Relations with the UK are not top of Macron’s list of priorities. Brexit, with all its frustrations, lacks the vital force it had in the months preceding the shock of Covid-19. It could even be said that relations with Boris Johnson were on the mend, helped by the latter’s positive leadership on Ukraine. But if Liz Truss, as Johnson’s successor, thinks that she can browbeat the French leader into abandoning the Northern Ireland Protocol or clearing the beaches at Calais of would-be immigrants, she is in for a rude awakening. The honeymoon between the two could be both short-lived and colourful.
It is often said that the Fifth Republic grants French presidents more direct power than is enjoyed by other western leaders, and on paper this is so. But power does not easily translate into authority without sustained levels of success, and success is all too often dependent on factors outside the President’s control. Emmanuel Macron was given a rough ride during his first five years. Every year was marked by crisis. This time round, having lost his overall majority in the National Assembly in June, the auguries look little better. He will be relying on the wisdom provided by experience, along with a better run of fortune, to see him come out even marginally ahead of the game.
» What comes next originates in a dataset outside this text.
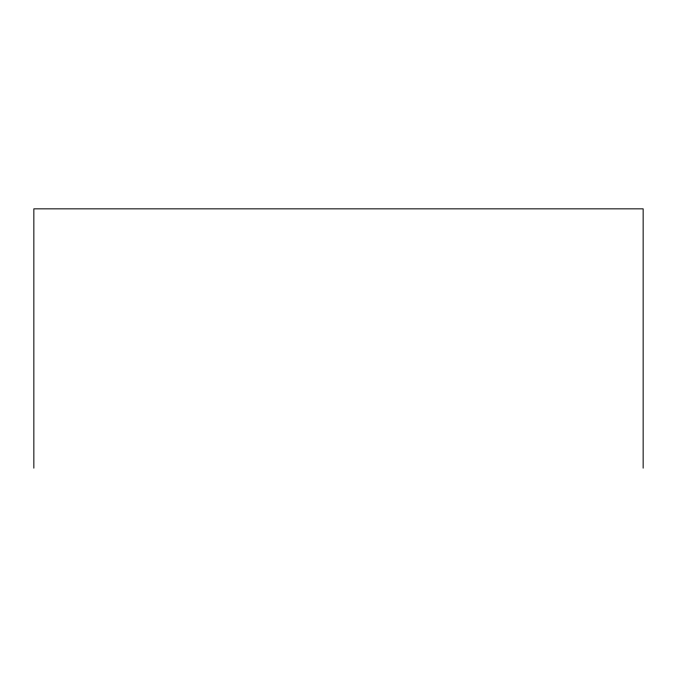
<?xml version="1.0" encoding="UTF-8"?>
<svg xmlns="http://www.w3.org/2000/svg" width="677" height="677" viewBox="0 0 677 677"><rect width="100%" height="100%" fill="white"/><g stroke="black" fill="none" stroke-linecap="round" stroke-linejoin="round"><path stroke-width="1.02" d="M643.15 468.154L643.15 208.846L33.85 208.846L33.85 468.154"/></g></svg>

Much will depend on the strategies adopted by his enemies in the Assembly. On the Left, the loose coalition known as Nupes (pronounced Noo-Pez) is determined to reduce him to the status of Dead Man Walking. On the Right, Marine Le Pen still dares to hope that next time round, having proved herself a responsible parliamentary leader, she could yet succeed him as President. And in the middle, the Conservatives, still leaderless but beginning to regain some measure of confidence after five desperate years, are debating among themselves which way to turn. The politics should be entertaining. The question is, can the people of France expect to benefit from the confusion?